Sementara itu, 2 Sekeha Teruna Teruni (STT) di Desa Adat Kepaon yaitu STT. Yowana Dharma Bhakti, Banjar Rangkan Sari dan STT. Yowana Canthi, Banjar Kajeng pada Minggu 13 Agustus 2017 juga mendirikan baliho tolak reklamasi Teluk Benoa
Pendirian baliho menjadi puncak dari kegiatan mereka dalam satu hari penuh. Pagi hari dimulai pada pukul 06.30 wita, sebelum pendirian baliho berlangsung, para pemuda melakukan jalan santai di kawasan Simbar Segara yang dilanjutkan dengan kegiatan pemungutan sampah plastik dari Simbar Segara hingga ke kawasan Teluk Benoa.
Dalam kegiatan pemungutan sampah plastik di Teluk Benoa, mereka juga membentangkan bendera ForBALI sebagai pemersatu para pemuda dalam memperjuangkan penolakan reklamasi Teluk Benoa.
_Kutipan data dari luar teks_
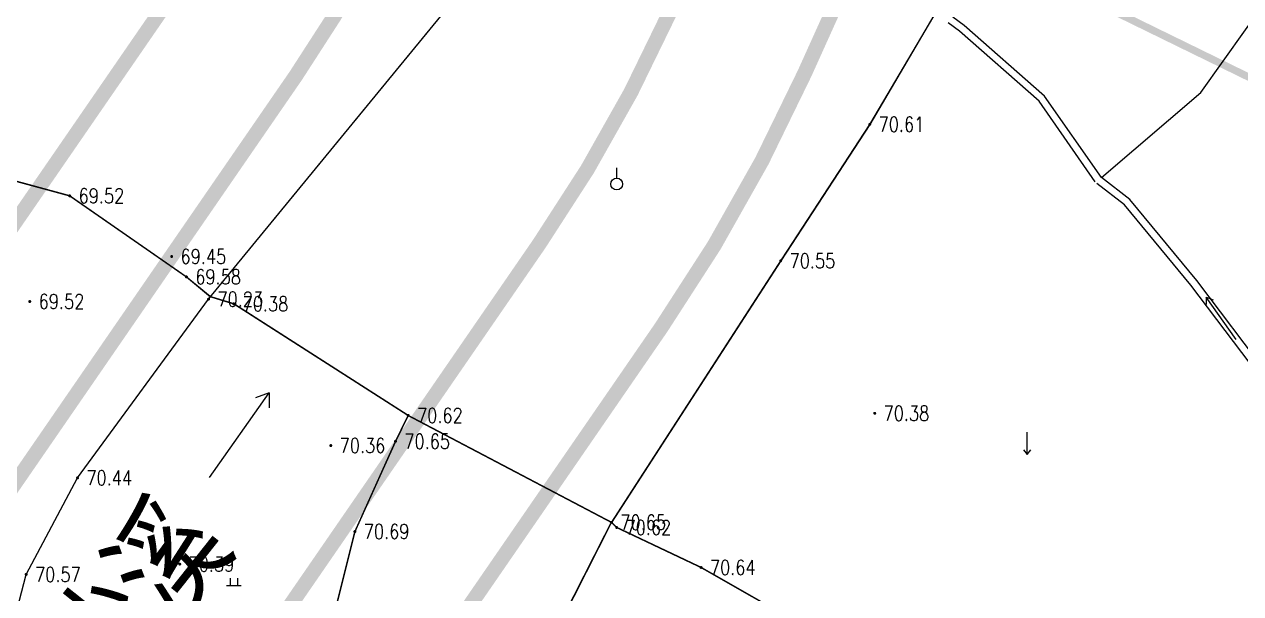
# Model space of a CAD drawing. Extents: x 10519 to 17598, y -625 to 2857.
# Drawn here: x 13953 to 14035.2, y 733.3 to 771.8 of the extents above; entities that cross this region are included whole.
import ezdxf
from ezdxf.enums import TextEntityAlignment as Align

# ---------------------------------------------------------------- set-up
doc = ezdxf.new("R2010")
doc.units = 0
doc.header["$MEASUREMENT"] = 0
doc.layers.get('0').update_dxf_attribs({"linetype": 'CONTINUOUS'})
for name, color, linetype in [('0000原地形', 252, 'CONTINUOUS'), ('0000白沙溪改线', 1, 'CONTINUOUS'), ('000道路名称', 6, 'CONTINUOUS'), ('ASSIST', 252, 'CONTINUOUS'), ('GCD', 224, 'CONTINUOUS')]:
    doc.layers.add(name, color=color, linetype=linetype)
doc.styles.add('HZ', font='txt8.shx', dxfattribs={"width": 0.8, "bigfont": 'hz.shx'})
doc.styles.add('黑体', font='SIMHEI.TTF', dxfattribs={"width": 0.8})
doc.linetypes.add('10421', pattern='A,2,[150,AAA.SHX,S=1,R=0,X=0,Y=1],1e-11', length=2)

# ---------------------------------------------------------------- blocks, each defined once
blk = doc.blocks.new('GC200')
at = {"linetype": 'Continuous', "const_width": 0.2, "flags": 128}
blk.add_lwpolyline([(-0.1, 0, 1), (0.1, 0, 1)], format="xyb", close=True, dxfattribs=at)
blk = doc.blocks.new('gc086')
for p, q in [((0, 0), (7, 0)), ((7, 0), (6.181, 0.574)), ((7, 0), (6.181, -0.574))]:
    blk.add_line(p, q)
blk = doc.blocks.new('gc125')
blk.add_line((0, 0.8), (0, 2.2))
blk.add_circle((0, 0), 0.8)
blk = doc.blocks.new('gc119')
for p, q in [((-1, 0), (1, 0)), ((-0.5, 1), (-0.5, 0)), ((0.5, 1), (0.5, 0))]:
    blk.add_line(p, q)

msp = doc.modelspace()

# ---------------------------------------------------------------- linework, layer by layer
at = {"layer": '0000原地形', "linetype": '10421'}
for p, q in [((13965.408, 753.259, 70.504), (13993.824, 787.884, 70.504)), ((13965.408, 753.259, 70.504), (13993.824, 787.884, 70.504)), ((13956.55, 741.175, 70.504), (13965.408, 753.259, 70.504)), ((13956.55, 741.175, 70.504), (13965.408, 753.259, 70.504)), ((13953.079, 734.648, 70.504), (13956.55, 741.175, 70.504)), ((13953.079, 734.648, 70.504), (13956.55, 741.175, 70.504)), ((13946.979, 711.223, 70.504), (13953.079, 734.648, 70.504)), ((13946.979, 711.223, 70.504), (13953.079, 734.648, 70.504))]:
    msp.add_line(p, q, dxfattribs=at)
at = {"layer": '0000原地形', "linetype": 'Continuous'}
for p, q in [((14032.49, 767.238, 70.402), (14038.255, 775.368, 70.402)), ((14014.449, 772.427, 69.422), (14010.108, 765.077, 69.422)), ((14014.449, 772.427, 69.422), (14010.108, 765.077, 69.422)), ((14016.493, 771.765, -28.295), (14015.721, 772.332, -28.295)), ((14016.18, 771.375, -28.295), (14015.419, 771.933, -28.295)), ((14021.554, 766.645, -28.295), (14016.18, 771.375, -28.295)), ((14021.93, 766.981, -28.295), (14016.493, 771.765, -28.295)), ((14025.767, 761.478, 70.402), (14032.49, 767.238, 70.402)), ((14025.356, 761.192, -28.295), (14021.554, 766.645, -28.295)), ((14025.767, 761.478, -28.295), (14021.93, 766.981, -28.295)), ((14010.108, 765.077, 69.422), (14004.087, 755.85, 69.422)), ((14010.108, 765.077, 69.422), (14004.087, 755.85, 69.422)), ((13949.252, 762.084), (13956.022, 760.244)), ((13949.252, 762.084), (13956.022, 760.244)), ((14027.678, 759.999, 71.385), (14025.767, 761.478, 71.385)), ((14027.328, 759.638, -28.295), (14025.461, 761.083, -28.295)), ((13956.022, 760.244), (13963.913, 754.762)), ((13956.022, 760.244), (13963.913, 754.762)), ((14032.212, 754.519, 71.385), (14027.678, 759.999, 71.385)), ((14031.82, 754.209, -28.295), (14027.328, 759.638, -28.295)), ((14004.087, 755.85, 69.422), (13992.648, 738.167, 69.422)), ((14004.087, 755.85, 69.422), (13992.648, 738.167, 69.422)), ((13963.913, 754.762), (13965.543, 753.424)), ((13963.913, 754.762), (13965.543, 753.424)), ((14038.182, 745.762, -28.295), (14031.82, 754.209, -28.295)), ((14038.563, 746.088, 71.385), (14032.212, 754.519, 71.385)), ((13967.113, 752.942, 69.422), (13965.543, 753.424, 69.422)), ((13967.113, 752.942, 69.422), (13965.543, 753.424, 69.422)), ((13978.904, 745.394, 69.422), (13967.113, 752.942, 69.422)), ((13978.904, 745.394, 69.422), (13967.113, 752.942, 69.422)), ((13978.904, 745.394, 69.422), (13978.046, 743.643, 69.422)), ((13978.904, 745.394, 69.422), (13978.046, 743.643, 69.422)), ((13992.648, 738.167, 69.422), (13978.904, 745.394, 69.422)), ((13992.648, 738.167, 69.422), (13978.904, 745.394, 69.422)), ((13978.046, 743.643, 69.422), (13975.302, 737.545, 69.422)), ((13978.046, 743.643, 69.422), (13975.302, 737.545, 69.422)), ((13992.595, 738.085), (13988.262, 729.56)), ((13992.595, 738.085), (13988.262, 729.56)), ((13992.648, 738.167, 69.422), (13992.998, 737.824, 69.422)), ((13992.648, 738.167, 69.422), (13992.998, 737.824, 69.422)), ((13992.998, 737.824, 69.422), (13998.702, 735.121, 69.422)), ((13992.998, 737.824, 69.422), (13998.702, 735.121, 69.422)), ((13975.302, 737.545, 69.422), (13972.615, 726.798, 69.422)), ((13975.302, 737.545, 69.422), (13972.615, 726.798, 69.422)), ((14025.532, 719.815, 70.715), (13998.702, 735.121, 70.715)), ((14025.532, 719.815, 70.715), (13998.702, 735.121, 70.715))]:
    msp.add_line(p, q, dxfattribs=at)
at = {"layer": '0000原地形'}
for p, q in [((13993, 761.438), (13993, 762.138)), ((13993, 761.438), (13993, 762.138)), ((14034.871, 750.536), (14032.84, 753.387)), ((14032.84, 753.387), (14032.844, 752.887)), ((14032.84, 753.387), (14033.312, 753.219)), ((14020.744, 742.764), (14020.744, 744.264)), ((14020.494, 743.064), (14020.744, 742.764)), ((14020.744, 742.764), (14020.994, 743.064)), ((13966.866, 734.406), (13966.866, 733.906)), ((13966.866, 734.406), (13966.866, 733.906)), ((13967.366, 734.406), (13967.366, 733.906)), ((13967.366, 734.406), (13967.366, 733.906)), ((13966.616, 733.906), (13967.616, 733.906)), ((13966.616, 733.906), (13967.616, 733.906))]:
    msp.add_line(p, q, dxfattribs=at)
msp.add_ellipse((13993, 761.038), major_axis=(0.283, 0.283), ratio=1, start_param=5.497787, end_param=11.780972, dxfattribs=at)
msp.add_ellipse((13993, 761.038), major_axis=(0.283, 0.283), ratio=1, start_param=5.497787, end_param=11.780972, dxfattribs=at)
at = {"layer": '0000白沙溪改线', "color": 3, "const_width": 1}
for points in [[(14004.069, 883.393, 0.086966), (13992.29, 858.411), (13985.932, 826.372, -0.057042), (13981.078, 811.21), (13969.241, 784.97, -0.044906), (13963.076, 774.041), (13921.897, 714.274, 0.053083), (13908.768, 690.081), (13890.893, 646.74, -0.035272), (13886.499, 637.909), (13860.135, 593.138)], [(14036.828, 860.441, 0.080272), (14031.2, 848.988), (14025.168, 818.587, -0.057042), (14017.54, 794.761), (14005.702, 768.521, -0.044906), (13996.015, 751.346), (13954.836, 691.579, 0.053083), (13945.746, 674.831), (13927.872, 631.49, -0.035272), (13920.967, 617.612), (13894.603, 572.841)]]:
    msp.add_lwpolyline(points, format="xyb", dxfattribs=at)
at = {"layer": '0000白沙溪改线', "const_width": 1}
for points in [[(14011.628, 876.747, 0.081855), (14002.027, 856.104), (13995.741, 824.426, -0.057042), (13990.194, 807.098), (13978.356, 780.858, -0.044906), (13971.311, 768.367), (13930.132, 708.6, 0.053083), (13918.012, 686.269), (13900.138, 642.928, -0.035272), (13895.116, 632.835), (13868.752, 588.064)], [(14027.616, 864.678, 0.073518), (14021.484, 851.401), (14015.359, 820.533, -0.057042), (14008.424, 798.873), (13996.587, 772.634, -0.044906), (13987.78, 757.02), (13946.602, 697.253, 0.053083), (13936.502, 678.643), (13918.627, 635.302, -0.035272), (13912.35, 622.686), (13885.986, 577.915)]]:
    msp.add_lwpolyline(points, format="xyb", dxfattribs=at)
at = {"layer": '000道路名称', "color": 0, "const_width": 0.5}
msp.add_lwpolyline([(14002.046, 784.736), (14056.743, 757.994), (14103.06, 757.994)], dxfattribs=at)
at = {"layer": 'ASSIST', "color": 252, "const_width": 0.1, "flags": 128}
for points in [[(13962.31, 793.071), (13948.941, 773.552), (13943.536, 763.312), (13928.71, 771.023), (13943.528, 763.297), (13949.252, 762.084), (13956.022, 760.244), (13963.913, 754.762), (13965.543, 753.424)], [(13992.595, 738.085), (13988.262, 729.56), (13977.888, 710.461), (13972.787, 701.401), (13972.031, 700.114)]]:
    msp.add_lwpolyline(points, dxfattribs=at)
for points, elevation in [([(13996.971, 791.824), (13997.684, 789.976), (14003.954, 780.739), (14009.762, 775.879), (14014.449, 772.427), (14010.108, 765.077), (14004.087, 755.85), (13992.648, 738.167), (13978.904, 745.394), (13967.113, 752.942), (13965.543, 753.424)], 69.422), ([(13978.904, 745.394), (13978.046, 743.643), (13975.302, 737.545), (13972.615, 726.798), (13967.114, 716.3)], 69.422), ([(13992.648, 738.167), (13992.998, 737.824), (13998.702, 735.121)], 69.422), ([(14015.45, 725.567), (13998.702, 735.121)], 70.715)]:
    msp.add_lwpolyline(points, dxfattribs=dict(at, elevation=elevation))
at = {"layer": 'ASSIST', "color": 252, "flags": 128}
msp.add_lwpolyline([(13946.979, 711.223), (13953.079, 734.648), (13956.55, 741.175), (13965.408, 753.259), (13993.824, 787.884), (13996.971, 791.824)], dxfattribs=at)

# ---------------------------------------------------------------- block references
at = {"layer": '000道路名称', "color": 0, "rotation": 54.67046276433642}
msp.add_blockref('gc086', (13965.465, 741.209), dxfattribs=at)
at = {"layer": 'ASSIST', "color": 252}
ref = msp.add_blockref('GC200', (14010.108, 765.077, 70.612), dxfattribs=dict(at, xscale=0.5, yscale=0.5, zscale=0.5))
ref.add_attrib('height', '70.61', dxfattribs={"layer": 'GCD', "linetype": 'Continuous', "height": 1, "style": 'HZ', "width": 0.8}).set_placement((14010.708, 765.077, 70.612), align=Align.MIDDLE_LEFT)
at = {"layer": 'ASSIST', "color": 252, "xscale": 0.5, "yscale": 0.5}
for name, p in [('gc125', (13993, 761.038)), ('gc119', (13967.116, 733.906))]:
    msp.add_blockref(name, p, dxfattribs=at)
at = {"layer": 'ASSIST', "color": 252}
ref = msp.add_blockref('GC200', (13956.022, 760.244, 69.518), dxfattribs=dict(at, xscale=0.5, yscale=0.5, zscale=0.5))
ref.add_attrib('height', '69.52', dxfattribs={"layer": 'GCD', "linetype": 'Continuous', "height": 1, "style": 'HZ', "width": 0.8}).set_placement((13956.622, 760.244, 69.518), align=Align.MIDDLE_LEFT)
ref = msp.add_blockref('GC200', (13962.914, 756.143, 69.454), dxfattribs=dict(at, xscale=0.5, yscale=0.5, zscale=0.5))
ref.add_attrib('height', '69.45', dxfattribs={"layer": 'GCD', "linetype": 'Continuous', "height": 1, "style": 'HZ', "width": 0.8}).set_placement((13963.514, 756.143, 69.454), align=Align.MIDDLE_LEFT)
ref = msp.add_blockref('GC200', (14004.087, 755.85, 70.548), dxfattribs=dict(at, xscale=0.5, yscale=0.5, zscale=0.5))
ref.add_attrib('height', '70.55', dxfattribs={"layer": 'GCD', "linetype": 'Continuous', "height": 1, "style": 'HZ', "width": 0.8}).set_placement((14004.687, 755.85, 70.548), align=Align.MIDDLE_LEFT)
ref = msp.add_blockref('GC200', (13953.323, 753.098, 69.523), dxfattribs=dict(at, xscale=0.5, yscale=0.5, zscale=0.5))
ref.add_attrib('height', '69.52', dxfattribs={"layer": 'GCD', "linetype": 'Continuous', "height": 1, "style": 'HZ', "width": 0.8}).set_placement((13953.923, 753.098, 69.523), align=Align.MIDDLE_LEFT)
ref = msp.add_blockref('GC200', (13967.113, 752.942, 70.382), dxfattribs=dict(at, xscale=0.5, yscale=0.5, zscale=0.5))
ref.add_attrib('height', '70.38', dxfattribs={"layer": 'GCD', "linetype": 'Continuous', "height": 1, "style": 'HZ', "width": 0.8}).set_placement((13967.713, 752.942, 70.382), align=Align.MIDDLE_LEFT)
ref = msp.add_blockref('GC200', (13978.904, 745.394, 70.618), dxfattribs=dict(at, xscale=0.5, yscale=0.5, zscale=0.5))
ref.add_attrib('height', '70.62', dxfattribs={"layer": 'GCD', "linetype": 'Continuous', "height": 1, "style": 'HZ', "width": 0.8}).set_placement((13979.504, 745.394, 70.618), align=Align.MIDDLE_LEFT)
ref = msp.add_blockref('GC200', (14010.443, 745.541, 70.378), dxfattribs=dict(at, xscale=0.5, yscale=0.5, zscale=0.5))
ref.add_attrib('height', '70.38', dxfattribs={"layer": 'GCD', "linetype": 'Continuous', "height": 1, "style": 'HZ', "width": 0.8}).set_placement((14011.043, 745.541, 70.378), align=Align.MIDDLE_LEFT)
ref = msp.add_blockref('GC200', (13973.674, 743.362, 70.36), dxfattribs=dict(at, xscale=0.5, yscale=0.5, zscale=0.5))
ref.add_attrib('height', '70.36', dxfattribs={"layer": 'GCD', "linetype": 'Continuous', "height": 1, "style": 'HZ', "width": 0.8}).set_placement((13974.274, 743.362, 70.36), align=Align.MIDDLE_LEFT)
ref = msp.add_blockref('GC200', (13956.55, 741.175, 70.441), dxfattribs=dict(at, xscale=0.5, yscale=0.5, zscale=0.5))
ref.add_attrib('height', '70.44', dxfattribs={"layer": 'GCD', "linetype": 'Continuous', "height": 1, "style": 'HZ', "width": 0.8}).set_placement((13957.15, 741.175, 70.441), align=Align.MIDDLE_LEFT)
ref = msp.add_blockref('GC200', (13992.648, 738.167, 70.647), dxfattribs=dict(at, xscale=0.5, yscale=0.5, zscale=0.5))
ref.add_attrib('height', '70.65', dxfattribs={"layer": 'GCD', "linetype": 'Continuous', "height": 1, "style": 'HZ', "width": 0.8}).set_placement((13993.248, 738.167, 70.647), align=Align.MIDDLE_LEFT)
ref = msp.add_blockref('GC200', (13975.302, 737.545, 70.69), dxfattribs=dict(at, xscale=0.5, yscale=0.5, zscale=0.5))
ref.add_attrib('height', '70.69', dxfattribs={"layer": 'GCD', "linetype": 'Continuous', "height": 1, "style": 'HZ', "width": 0.8}).set_placement((13975.902, 737.545, 70.69), align=Align.MIDDLE_LEFT)
ref = msp.add_blockref('GC200', (13953.079, 734.648, 70.566), dxfattribs=dict(at, xscale=0.5, yscale=0.5, zscale=0.5))
ref.add_attrib('height', '70.57', dxfattribs={"layer": 'GCD', "linetype": 'Continuous', "height": 1, "style": 'HZ', "width": 0.8}).set_placement((13953.679, 734.648, 70.566), align=Align.MIDDLE_LEFT)
ref = msp.add_blockref('GC200', (13963.461, 735.346), dxfattribs=dict(at, xscale=0.5, yscale=0.5, zscale=0.5))
ref.add_attrib('height', '70.39', dxfattribs={"layer": 'GCD', "linetype": 'Continuous', "height": 1, "style": 'HZ', "width": 0.8}).set_placement((13964.061, 735.346), align=Align.MIDDLE_LEFT)
ref = msp.add_blockref('GC200', (13998.702, 735.121, 70.636), dxfattribs=dict(at, xscale=0.5, yscale=0.5, zscale=0.5))
ref.add_attrib('height', '70.64', dxfattribs={"layer": 'GCD', "linetype": 'Continuous', "height": 1, "style": 'HZ', "width": 0.8}).set_placement((13999.302, 735.121, 70.636), align=Align.MIDDLE_LEFT)
at = {"layer": 'GCD', "linetype": 'Continuous'}
ref = msp.add_blockref('GC200', (14010.108, 765.077, 70.612), dxfattribs=dict(at, xscale=0.5, yscale=0.5, zscale=0.5))
ref.add_attrib('height', '70.61', dxfattribs={"linetype": 'Continuous', "height": 1, "style": 'HZ', "width": 0.8}).set_placement((14010.708, 765.077, 70.612), align=Align.MIDDLE_LEFT)
ref = msp.add_blockref('GC200', (14010.108, 765.077, 70.612), dxfattribs=dict(at, xscale=0.5, yscale=0.5, zscale=0.5))
ref.add_attrib('height', '70.61', dxfattribs={"linetype": 'Continuous', "height": 1, "style": 'HZ', "width": 0.8}).set_placement((14010.708, 765.077, 70.612), align=Align.MIDDLE_LEFT)
ref = msp.add_blockref('GC200', (13956.022, 760.244, 69.518), dxfattribs=dict(at, xscale=0.5, yscale=0.5, zscale=0.5))
ref.add_attrib('height', '69.52', dxfattribs={"linetype": 'Continuous', "height": 1, "style": 'HZ', "width": 0.8}).set_placement((13956.622, 760.244, 69.518), align=Align.MIDDLE_LEFT)
ref = msp.add_blockref('GC200', (13956.022, 760.244, 69.518), dxfattribs=dict(at, xscale=0.5, yscale=0.5, zscale=0.5))
ref.add_attrib('height', '69.52', dxfattribs={"linetype": 'Continuous', "height": 1, "style": 'HZ', "width": 0.8}).set_placement((13956.622, 760.244, 69.518), align=Align.MIDDLE_LEFT)
ref = msp.add_blockref('GC200', (13962.914, 756.143, 69.454), dxfattribs=dict(at, xscale=0.5, yscale=0.5, zscale=0.5))
ref.add_attrib('height', '69.45', dxfattribs={"linetype": 'Continuous', "height": 1, "style": 'HZ', "width": 0.8}).set_placement((13963.514, 756.143, 69.454), align=Align.MIDDLE_LEFT)
ref = msp.add_blockref('GC200', (13962.914, 756.143, 69.454), dxfattribs=dict(at, xscale=0.5, yscale=0.5, zscale=0.5))
ref.add_attrib('height', '69.45', dxfattribs={"linetype": 'Continuous', "height": 1, "style": 'HZ', "width": 0.8}).set_placement((13963.514, 756.143, 69.454), align=Align.MIDDLE_LEFT)
ref = msp.add_blockref('GC200', (14004.087, 755.85, 70.548), dxfattribs=dict(at, xscale=0.5, yscale=0.5, zscale=0.5))
ref.add_attrib('height', '70.55', dxfattribs={"linetype": 'Continuous', "height": 1, "style": 'HZ', "width": 0.8}).set_placement((14004.687, 755.85, 70.548), align=Align.MIDDLE_LEFT)
ref = msp.add_blockref('GC200', (14004.087, 755.85, 70.548), dxfattribs=dict(at, xscale=0.5, yscale=0.5, zscale=0.5))
ref.add_attrib('height', '70.55', dxfattribs={"linetype": 'Continuous', "height": 1, "style": 'HZ', "width": 0.8}).set_placement((14004.687, 755.85, 70.548), align=Align.MIDDLE_LEFT)
ref = msp.add_blockref('GC200', (13963.913, 754.762, 69.578), dxfattribs=dict(at, xscale=0.5, yscale=0.5, zscale=0.5))
ref.add_attrib('height', '69.58', dxfattribs={"linetype": 'Continuous', "height": 1, "style": 'HZ', "width": 0.8}).set_placement((13964.513, 754.762, 69.578), align=Align.MIDDLE_LEFT)
ref = msp.add_blockref('GC200', (13963.913, 754.762, 69.578), dxfattribs=dict(at, xscale=0.5, yscale=0.5, zscale=0.5))
ref.add_attrib('height', '69.58', dxfattribs={"linetype": 'Continuous', "height": 1, "style": 'HZ', "width": 0.8}).set_placement((13964.513, 754.762, 69.578), align=Align.MIDDLE_LEFT)
ref = msp.add_blockref('GC200', (13953.323, 753.098, 69.523), dxfattribs=dict(at, xscale=0.5, yscale=0.5, zscale=0.5))
ref.add_attrib('height', '69.52', dxfattribs={"linetype": 'Continuous', "height": 1, "style": 'HZ', "width": 0.8}).set_placement((13953.923, 753.098, 69.523), align=Align.MIDDLE_LEFT)
ref = msp.add_blockref('GC200', (13953.323, 753.098, 69.523), dxfattribs=dict(at, xscale=0.5, yscale=0.5, zscale=0.5))
ref.add_attrib('height', '69.52', dxfattribs={"linetype": 'Continuous', "height": 1, "style": 'HZ', "width": 0.8}).set_placement((13953.923, 753.098, 69.523), align=Align.MIDDLE_LEFT)
ref = msp.add_blockref('GC200', (13965.408, 753.259, 70.228), dxfattribs=dict(at, xscale=0.5, yscale=0.5, zscale=0.5))
ref.add_attrib('height', '70.23', dxfattribs={"linetype": 'Continuous', "height": 1, "style": 'HZ', "width": 0.8}).set_placement((13966.008, 753.259, 70.228), align=Align.MIDDLE_LEFT)
ref = msp.add_blockref('GC200', (13965.408, 753.259, 70.228), dxfattribs=dict(at, xscale=0.5, yscale=0.5, zscale=0.5))
ref.add_attrib('height', '70.23', dxfattribs={"linetype": 'Continuous', "height": 1, "style": 'HZ', "width": 0.8}).set_placement((13966.008, 753.259, 70.228), align=Align.MIDDLE_LEFT)
ref = msp.add_blockref('GC200', (13967.113, 752.942, 70.382), dxfattribs=dict(at, xscale=0.5, yscale=0.5, zscale=0.5))
ref.add_attrib('height', '70.38', dxfattribs={"linetype": 'Continuous', "height": 1, "style": 'HZ', "width": 0.8}).set_placement((13967.713, 752.942, 70.382), align=Align.MIDDLE_LEFT)
ref = msp.add_blockref('GC200', (13967.113, 752.942, 70.382), dxfattribs=dict(at, xscale=0.5, yscale=0.5, zscale=0.5))
ref.add_attrib('height', '70.38', dxfattribs={"linetype": 'Continuous', "height": 1, "style": 'HZ', "width": 0.8}).set_placement((13967.713, 752.942, 70.382), align=Align.MIDDLE_LEFT)
ref = msp.add_blockref('GC200', (13978.904, 745.394, 70.618), dxfattribs=dict(at, xscale=0.5, yscale=0.5, zscale=0.5))
ref.add_attrib('height', '70.62', dxfattribs={"linetype": 'Continuous', "height": 1, "style": 'HZ', "width": 0.8}).set_placement((13979.504, 745.394, 70.618), align=Align.MIDDLE_LEFT)
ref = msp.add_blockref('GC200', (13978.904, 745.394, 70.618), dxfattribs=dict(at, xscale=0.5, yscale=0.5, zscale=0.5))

Sore harinya sekitar pukul 17.00 wita dilanjutkan dengan pemasangan baliho penolakan reklamasi Teluk Benoa secara serentak didepan Banjar masing-masing.
I Nyoman Anom Guna Adi Yasa, Ketua STT. Yowana Canthi mengatakan bahwa kegiatan yang mereka lakukan kali ini selain dalam rangka menyambut kemerdekaan RI juga dalam rangka memperingati ulang tahun ke-57 STT. Yowana Canthi bersama STT. Yowana Dharma Bhakti mewujudkan persatuan generasi muda diwilayah Desa Adat Kepaon dalam perjuangan menolak reklamasi Teluk Benoa.
Sedangkan I Komang Eddy Pradika, Ketua STT. Yowana Dharma Bhakti menyampaikan kegiatan yang mereka lakukan adalah untuk terus menggelorakan semangat dalam perjuangan panjang menolak reklamasi Teluk Benoa. "Perjuangan ini bukan hal yang instan sehingga kita harus memelihara semangat dan persatuan," jelasnya. (KP-Release)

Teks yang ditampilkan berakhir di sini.